La relazione tradizione-trasgressione
La relazione tra tradizione e tradimento è dunque stretta. Ogni tradizione, è frutto dell’accumularsi di una stratificazione di atti conoscitivi tramandati. Potremmo perciò dire che ogni cultura sia il prodotto di tutti quei modi nei quali una comunità si è allontanata (tradendola) dall’inconsapevolezza ancestrale. Non è pensabile dunque disconoscere al cambiamento un ruolo positivo e decisivo, tanto nella fondazione che nello sviluppo di ogni matrice culturale. È interessante dunque, esaminare quali rapporti intercorrano, nelle diverse culture, tra l’ordine costituito e i fattori di cambiamento. La storia dell’umanità è segnata dalla successione di incontri e di scontri, tra strutture socio-culturali consolidate e fattori di cambiamento. Di fronte a queste “crisi”, le civiltà hanno a volte saputo trarre estremo beneficio, altre volte hanno finito col soccombere, ed è praticamente impossibile prevedere a lungo termine gli effetti di una trasformazione mentre sono in atto.
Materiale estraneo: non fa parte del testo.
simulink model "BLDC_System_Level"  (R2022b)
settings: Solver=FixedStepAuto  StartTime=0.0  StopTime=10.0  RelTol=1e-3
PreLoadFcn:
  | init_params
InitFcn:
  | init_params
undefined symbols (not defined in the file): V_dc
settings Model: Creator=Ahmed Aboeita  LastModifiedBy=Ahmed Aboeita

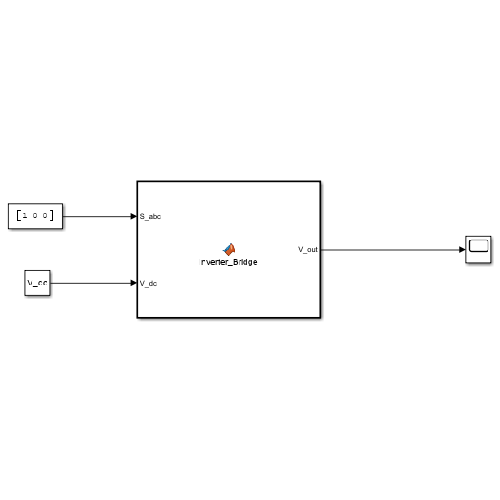
[thumbnail: Simulink's stored preview of the top-level diagram]
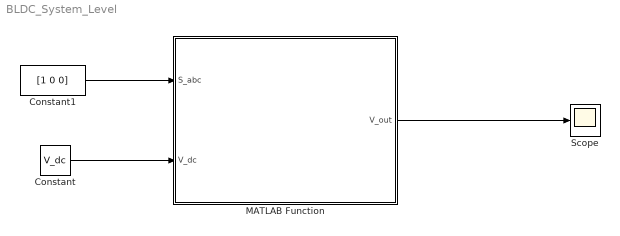
== system BLDC_System_Level ==
  Constant : Constant  Value=V_dc
  Constant1 : Constant  Value=[1 0 0]
  MATLAB Function : MATLAB Function  TreatAsAtomicUnit=on
  Scope : Scope
  wires:
  Constant/1 -> MATLAB Function/2(V_dc)
  Constant1/1 -> MATLAB Function/1(S_abc)
  MATLAB Function/1(V_out) -> Scope/1

== matlab function BLDC_System_Level/MATLAB Function ==
  data: S_abc input; V_out output; V_dc input
function V_out = Inverter_Bridge(S_abc, V_dc)

    % Call the external script in the Functions folder
    V_out = inverter_bridge_logic(S_abc, V_dc);
end
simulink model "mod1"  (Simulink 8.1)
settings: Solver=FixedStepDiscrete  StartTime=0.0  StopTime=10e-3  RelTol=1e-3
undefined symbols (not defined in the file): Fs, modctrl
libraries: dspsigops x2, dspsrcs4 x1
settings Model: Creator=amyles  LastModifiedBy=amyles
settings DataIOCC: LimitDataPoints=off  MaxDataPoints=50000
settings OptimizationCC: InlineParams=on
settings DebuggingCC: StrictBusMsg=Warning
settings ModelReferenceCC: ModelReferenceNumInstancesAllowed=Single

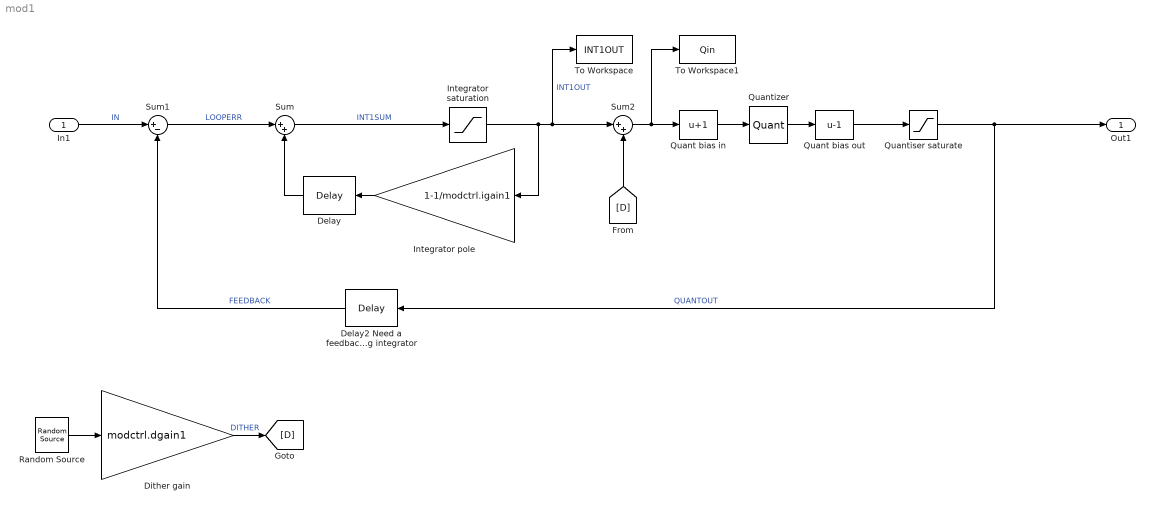
== system mod1 ==
  In1 : Inport
  Delay : dspsigops/Delay  InputProcessing=Inherited (this choice will be removed - see release notes)  dly_unit=Samples  delay=1  ic_detail=off  dif_ic_for_ch=off  dif_ic_for_dly=off  ic=0  reset_popup=None
  Delay2 Need a feedback delay to avoid a delay-free loop as we had a non-delaying integrator : dspsigops/Delay  InputProcessing=Inherited (this choice will be removed - see release notes)  dly_unit=Samples  delay=1  ic_detail=off  dif_ic_for_ch=off  dif_ic_for_dly=off  ic=0  reset_popup=None
  Dither gain : Gain  Gain=modctrl.dgain1
      settings: AttributesFormatString=Dither level adjust
  Integrator pole : Gain  Gain=1-1/modctrl.igain1
      settings: AttributesFormatString=(model finite dc gain)
  Integrator saturation : Saturate  UpperLimit=modctrl.isat1  LowerLimit=-(modctrl.isat1)
  Quant bias in : Bias  Bias=1
      settings: AttributesFormatString=Need offset to give\nMID-RISE quantiser
  Quant bias out : Bias  Bias=-1
      settings: AttributesFormatString=Shift outputs to\n..., -2, 1, 1, ...
  Quantiser saturate : Saturate  UpperLimit=1  LowerLimit=-1
      settings: AttributesFormatString=Limit quantiser\noutput to +/-1
  Quantizer : Quantizer  QuantizationInterval=2  LinearizeAsGain=off
      settings: AttributesFormatString=step = 2
  Random Source : dspsrcs4/Random Source  SrcType=Uniform  NormMethod=Ziggurat  CltLength=12  MinVal=-1  MaxVal=1  MeanVal=0  VarVal=1  RepMode=Not repeatable  rawSeed=1  IsInherit=off  SampMode=Discrete  SampTime=1/Fs  SampFrame=1  DataType=Double  OutComplex=Real
      settings: AttributesFormatString=Dither source
  Sum : Sum  Inputs=|++
      settings: AttributesFormatString=Integrator summer
  Sum1 : Sum  Inputs=|+-
      settings: AttributesFormatString=Modulator input\nloop servo error (input - fbk)
  Sum2 : Sum  Inputs=|++
  To Workspace : ToWorkspace  VariableName=INT1OUT  SampleTime=-1
  To Workspace1 : ToWorkspace  VariableName=Qin  SampleTime=-1
  Out1 : Outport
  wires:
  Delay/1 -> Sum/2
  Sum/1 -> Integrator saturation/1  "INT1SUM"
  Sum1/1 -> Sum/1  "LOOPERR"
  Delay2 Need a feedback delay to avoid a delay-free loop as we had a non-delaying integrator/1 -> Sum1/2  "FEEDBACK"
  In1/1 -> Sum1/1  "IN"
  Quant bias in/1 -> Quantizer/1
  Sum2/1 -> Quant bias in/1, To Workspace1/1
  Integrator pole/1 -> Delay/1
  Quantiser saturate/1 -> Delay2 Need a feedback delay to avoid a delay-free loop as we had a non-delaying integrator/1, Out1/1  "QUANTOUT"
  Quantizer/1 -> Quant bias out/1
  Quant bias out/1 -> Quantiser saturate/1
  Integrator saturation/1 -> Integrator pole/1, Sum2/1, To Workspace/1  "INT1OUT"
  Random Source/1 -> Dither gain/1
  Dither gain/1 -> [D]  "DITHER"
  [D] -> Sum2/2

Fattori di cambiamento della tradizione
In ogni caso, i fattori di cambiamento, non sembrano esercitare un effetto omogeneo né simultaneo su tutte le componenti della struttura sociale. La disposizione o la resistenza alla trasformazione paiono piuttosto due polarità poste agli estremi di un continuum. Alcuni individui o segmenti della società, sono infatti in grado di trarre benefici dal cambiamento o comunque maggiormente abili ad adattarvisi. Per altri la trasformazione in atto può rappresentare una penalizzazione o un limite insuperabile. Cosa caratterizza dunque gli adattamenti che si rivelano disastrosi? E in che cosa differiscono da quelli che sembrano essere benefici e che restano benefici nel corso della storia? La domanda è pressante e tocca da vicino gli attuali dilemmi della nostra civiltà.
Ai tempi di Darwin
Se ai tempi di Darwin, ogni invenzione appariva benefica; oggi non è così. A livello sociale non è mai garantito che le invenzioni e gli stratagemmi che vengono premiati nell’individuo – o in piccoli gruppi – siano necessariamente vantaggiosi. Al contrario, le linee politiche scelte dai rappresentanti della società, non sono necessariamente vantaggiose per la sopravvivenza degli individui. Come accelerare, dunque, senza pericolo il cambiamento della struttura sociale per evitare l’obsolescenza? Nell’evoluzione biologica la regola è semplice. Gli effetti del funzionamento che si manifestano in forma immediata nel corpo dell’individuo, non potranno mai interferire con il codice genetico individuale. La barriera che proibisce l’ereditarietà “lamarckiana” (Barriera di Weissman) protegge appunto il sistema genetico da un cambiamento troppo rapido, causato da esigenze magari passeggere dell’ambiente. Ma, nelle culture e nei sistemi sociali, non esiste una barriera equivalente.
La società moderna e la tradizione
Soprattutto nelle società moderne, le innovazioni vengono spesso adottate in modo irreversibile e inserite nella dinamica del sistema senza che ne venga verificata la validità a lungo termine. I cambiamenti necessari vengono ostacolati dal nucleo degli individui conservatori, senza alcuna garanzia che siano proprio quelli i cambiamenti da ostacolare. L’obsolescenza non deve perciò essere eliminata semplicemente accelerando il cambiamento della struttura, né può essere evitata semplicemente rallentando i cambiamenti funzionali. È chiaro che non vanno bene né un conservatorismo assoluto né un’assoluta brama di cambiamento. L’ideale sarebbe guardare sempre ad una prospettiva più lontana, ad una Gestalt più vasta, senza dimenticare che il benessere individuale va coniugato alle esigenze di un contesto più ampio. Ben oltre il solo vantaggio umano.